I just got so tired of being the sick girl. The sad eyes, the pity oh my god that’s terrible‘s, the inappropriate comments about my body- it all just made me more increasingly angry. But before I had begun to get angry, I had somehow let the sickness consume me.
I was so anxious and frustrated with my life. Being alive in this constant unhealthy state was stressing me out so much that I was having heart palpitations. I was desperately reaching out to both of my therapists just pleading for any kind of coping mechanisms. This anxiety went on for months. I was taking half a benadryl a day to just calm my body down from the overdrive I was stuck in constantly. With a combination of 3-4 coping mechanisms, I could at least get my heart beat to regulate but couldn’t shake the anxiety. So how did I fix it?
There wasn’t an easy fix. All of my secret addictions, unhealthy behaviors, and lack of effort in my therapies was getting pent up inside. I just woke up one day and realized that my choices were only exacerbating my already unsolved health issues- so I quit everything. I finally saw that I was doing myself a consistent disservice by not addressing what was right in front of me the whole time. Stopping these unhealthy behaviors and secret addictions were the final puzzle piece to taming the nausea and giving my body what it needed to heal more than it ever had before.
After a couple of weeks I started to gain weight. I had an appetite again. I felt like for the first time maybe there was another side of this. Now 3 years later I finally feel like I’ve figured out the exact recipe to manage my celiac disease. This was the effect of getting fed up and so angry with being the sick girl. I was determined to find out everything I could for myself.
It made me realize that healing and/or the lack thereof is SO different for every one of us. That the research and knowledge that we’ve been fed is so miniscule. That the more time researchers spend actually looking at it, the more they see that the gluten free diet is not as effective as they’ve believed before. Through my own research of reading an unreal amount of studies I finally felt like I found answers for why I wasn’t getting better. 40% of us don’t regrow our villi like they first thought, and our healing stays stagnant compared to the other 60%. (You can find a lot of these studies at beyongceliac.org)
It was a relief to find studies that addressed the questions I kept asking. I felt like I had just gotten permission to feel like shit still. Like I hadn’t been allowed to from the moment I was diagnosed and now these researchers were proving I wasn’t crazy. All of my doctors made celiacs seem so simple and yet I would go home and feel like it was too complex for anyone to figure out. Cause it is complex and that’s okay.
I was able to go back to work. I felt like I was actually contributing to my life with my boyfriend, to my family, and to society again. I had felt like such a burden when I was sick as much as I shouldn’t have. Working, as much as I do hate it, gave me a purpose outside of myself. It just ended up being the perfect timing as inflation shot up and my bills were barely being covered before on my boyfriends paycheck. Now my bills are barely being covered on both of our paychecks. It’s not a small amount of extra money that I bring home every two weeks now, yet my diet and bills have increased so much it all just disappears.

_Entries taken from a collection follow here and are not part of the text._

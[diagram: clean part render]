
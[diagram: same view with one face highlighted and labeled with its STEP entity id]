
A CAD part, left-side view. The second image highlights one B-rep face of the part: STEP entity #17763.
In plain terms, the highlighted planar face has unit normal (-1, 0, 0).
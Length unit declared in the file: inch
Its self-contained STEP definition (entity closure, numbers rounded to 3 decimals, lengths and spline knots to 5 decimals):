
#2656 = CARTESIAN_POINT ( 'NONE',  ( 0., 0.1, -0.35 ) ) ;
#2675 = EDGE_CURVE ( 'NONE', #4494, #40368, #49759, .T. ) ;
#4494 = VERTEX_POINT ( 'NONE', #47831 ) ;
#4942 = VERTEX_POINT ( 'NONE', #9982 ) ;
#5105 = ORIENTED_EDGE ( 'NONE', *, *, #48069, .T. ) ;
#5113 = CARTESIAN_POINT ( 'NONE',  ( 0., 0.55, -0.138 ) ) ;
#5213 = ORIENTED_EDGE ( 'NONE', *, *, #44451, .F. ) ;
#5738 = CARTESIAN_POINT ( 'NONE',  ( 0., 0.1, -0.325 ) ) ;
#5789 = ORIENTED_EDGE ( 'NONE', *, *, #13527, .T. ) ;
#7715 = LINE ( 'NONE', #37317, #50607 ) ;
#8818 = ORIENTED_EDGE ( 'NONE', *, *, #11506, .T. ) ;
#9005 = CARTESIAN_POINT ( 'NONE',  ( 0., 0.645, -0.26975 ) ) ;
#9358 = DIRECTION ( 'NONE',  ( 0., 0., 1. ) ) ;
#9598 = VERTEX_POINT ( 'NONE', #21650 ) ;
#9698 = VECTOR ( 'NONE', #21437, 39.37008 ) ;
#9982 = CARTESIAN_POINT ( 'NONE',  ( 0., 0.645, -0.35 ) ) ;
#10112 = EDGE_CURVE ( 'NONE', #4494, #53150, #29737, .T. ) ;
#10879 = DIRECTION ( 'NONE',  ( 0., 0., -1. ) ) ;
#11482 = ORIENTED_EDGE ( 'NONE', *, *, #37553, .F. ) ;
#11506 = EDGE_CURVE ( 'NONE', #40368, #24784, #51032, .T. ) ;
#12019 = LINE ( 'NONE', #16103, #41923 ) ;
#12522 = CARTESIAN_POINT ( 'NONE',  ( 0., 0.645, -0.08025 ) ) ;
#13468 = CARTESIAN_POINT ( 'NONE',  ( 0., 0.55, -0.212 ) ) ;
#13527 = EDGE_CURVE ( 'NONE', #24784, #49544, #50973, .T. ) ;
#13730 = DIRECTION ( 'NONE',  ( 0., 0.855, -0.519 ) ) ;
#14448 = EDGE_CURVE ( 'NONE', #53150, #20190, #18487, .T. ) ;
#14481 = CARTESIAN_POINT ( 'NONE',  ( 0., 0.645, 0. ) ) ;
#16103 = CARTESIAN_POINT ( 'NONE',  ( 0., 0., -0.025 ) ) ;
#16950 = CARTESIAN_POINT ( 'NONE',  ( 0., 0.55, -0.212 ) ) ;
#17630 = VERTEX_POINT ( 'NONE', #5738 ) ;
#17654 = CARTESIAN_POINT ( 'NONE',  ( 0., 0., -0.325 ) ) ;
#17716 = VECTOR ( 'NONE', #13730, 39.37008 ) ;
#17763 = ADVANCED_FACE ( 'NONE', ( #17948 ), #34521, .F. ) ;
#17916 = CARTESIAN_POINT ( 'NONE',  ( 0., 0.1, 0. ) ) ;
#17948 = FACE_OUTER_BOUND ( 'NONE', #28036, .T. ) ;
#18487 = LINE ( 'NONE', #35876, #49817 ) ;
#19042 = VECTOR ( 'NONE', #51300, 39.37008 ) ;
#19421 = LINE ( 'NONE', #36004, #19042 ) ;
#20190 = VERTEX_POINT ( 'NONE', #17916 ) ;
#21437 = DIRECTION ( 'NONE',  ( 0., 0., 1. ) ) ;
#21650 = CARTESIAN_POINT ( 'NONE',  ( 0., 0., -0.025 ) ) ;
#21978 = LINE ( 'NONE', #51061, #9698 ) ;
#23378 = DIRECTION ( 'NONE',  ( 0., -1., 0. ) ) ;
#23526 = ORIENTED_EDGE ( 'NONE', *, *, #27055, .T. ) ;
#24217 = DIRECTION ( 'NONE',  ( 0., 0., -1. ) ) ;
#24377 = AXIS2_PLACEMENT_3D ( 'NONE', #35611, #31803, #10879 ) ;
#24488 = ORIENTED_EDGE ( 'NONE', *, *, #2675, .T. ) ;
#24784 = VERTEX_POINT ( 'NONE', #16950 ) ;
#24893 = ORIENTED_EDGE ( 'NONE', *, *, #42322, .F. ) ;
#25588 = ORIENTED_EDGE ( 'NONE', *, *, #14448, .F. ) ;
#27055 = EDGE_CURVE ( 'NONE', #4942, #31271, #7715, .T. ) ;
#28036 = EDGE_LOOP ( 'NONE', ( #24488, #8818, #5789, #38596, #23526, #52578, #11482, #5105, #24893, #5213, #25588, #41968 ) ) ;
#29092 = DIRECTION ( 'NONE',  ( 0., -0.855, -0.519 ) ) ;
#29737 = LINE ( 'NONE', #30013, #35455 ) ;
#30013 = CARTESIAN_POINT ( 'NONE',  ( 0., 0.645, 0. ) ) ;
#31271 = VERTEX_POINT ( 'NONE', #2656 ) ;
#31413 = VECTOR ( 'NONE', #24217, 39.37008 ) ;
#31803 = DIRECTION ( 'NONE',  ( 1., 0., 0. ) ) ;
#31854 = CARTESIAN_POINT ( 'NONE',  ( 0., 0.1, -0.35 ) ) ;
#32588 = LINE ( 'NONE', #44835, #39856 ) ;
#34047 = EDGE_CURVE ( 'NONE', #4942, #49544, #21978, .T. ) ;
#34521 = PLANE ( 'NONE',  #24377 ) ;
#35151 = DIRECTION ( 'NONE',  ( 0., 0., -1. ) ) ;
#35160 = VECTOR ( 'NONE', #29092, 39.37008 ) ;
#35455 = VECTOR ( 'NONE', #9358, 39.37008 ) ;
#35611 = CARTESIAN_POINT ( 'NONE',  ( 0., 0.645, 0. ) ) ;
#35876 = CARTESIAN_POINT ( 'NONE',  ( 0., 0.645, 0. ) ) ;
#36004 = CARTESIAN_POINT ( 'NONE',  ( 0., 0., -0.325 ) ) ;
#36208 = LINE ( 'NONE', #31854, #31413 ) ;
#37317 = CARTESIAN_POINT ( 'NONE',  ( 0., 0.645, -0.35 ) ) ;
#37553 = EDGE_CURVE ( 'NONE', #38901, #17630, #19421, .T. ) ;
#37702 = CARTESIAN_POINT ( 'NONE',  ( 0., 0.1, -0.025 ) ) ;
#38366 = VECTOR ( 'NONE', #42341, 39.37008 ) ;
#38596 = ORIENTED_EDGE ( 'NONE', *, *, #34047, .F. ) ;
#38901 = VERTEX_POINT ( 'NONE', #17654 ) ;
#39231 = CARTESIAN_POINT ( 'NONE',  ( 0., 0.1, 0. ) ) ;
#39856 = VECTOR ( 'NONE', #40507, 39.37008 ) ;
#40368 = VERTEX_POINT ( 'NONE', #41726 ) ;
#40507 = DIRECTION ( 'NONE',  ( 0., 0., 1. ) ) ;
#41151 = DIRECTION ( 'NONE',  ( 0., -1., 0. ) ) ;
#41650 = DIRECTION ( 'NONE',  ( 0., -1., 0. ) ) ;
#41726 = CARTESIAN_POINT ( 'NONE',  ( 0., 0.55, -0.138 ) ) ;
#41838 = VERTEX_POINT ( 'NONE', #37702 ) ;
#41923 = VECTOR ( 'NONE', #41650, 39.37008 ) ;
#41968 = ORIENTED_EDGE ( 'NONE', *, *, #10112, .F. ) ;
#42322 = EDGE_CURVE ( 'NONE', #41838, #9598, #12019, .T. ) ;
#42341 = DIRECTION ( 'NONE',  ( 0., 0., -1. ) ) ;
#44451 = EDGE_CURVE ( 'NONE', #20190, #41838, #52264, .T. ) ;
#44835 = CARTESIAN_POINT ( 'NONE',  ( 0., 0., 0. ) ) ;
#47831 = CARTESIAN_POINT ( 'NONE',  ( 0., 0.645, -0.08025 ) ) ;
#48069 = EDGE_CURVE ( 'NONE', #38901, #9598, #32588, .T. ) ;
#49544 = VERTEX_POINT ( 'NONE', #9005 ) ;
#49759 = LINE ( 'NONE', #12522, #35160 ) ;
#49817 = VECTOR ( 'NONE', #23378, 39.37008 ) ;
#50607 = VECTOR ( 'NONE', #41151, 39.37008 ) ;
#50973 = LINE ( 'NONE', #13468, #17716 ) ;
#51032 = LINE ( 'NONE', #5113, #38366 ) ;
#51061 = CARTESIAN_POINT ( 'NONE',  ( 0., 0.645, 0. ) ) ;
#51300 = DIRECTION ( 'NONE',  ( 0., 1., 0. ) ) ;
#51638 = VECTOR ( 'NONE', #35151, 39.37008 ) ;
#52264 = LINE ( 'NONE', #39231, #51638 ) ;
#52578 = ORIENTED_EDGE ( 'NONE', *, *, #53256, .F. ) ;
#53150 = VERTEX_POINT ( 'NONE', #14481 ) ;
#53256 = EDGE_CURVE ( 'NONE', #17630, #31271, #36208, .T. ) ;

Going through these ups and downs has felt like tsunamis for me. Losing my feeling of purpose almost as fast as I found it feels so disheartening. Living in a world where daily more and more becomes unreachable for my future. Always putting ourselves last. Gone are the days of putting my body first, as I still have weeks where I feel terrible and have no appetite, but there is no one to cover me if I was to call out so I don’t. I don’t think I will ever get fully better, but accepting it helps me move forward. As the unknown of what’s to come in every facet of our lives right now is terrifying. It feels like I am hurtling into a future that’s never felt so unsure.
And yet I will still hope for tomorrow.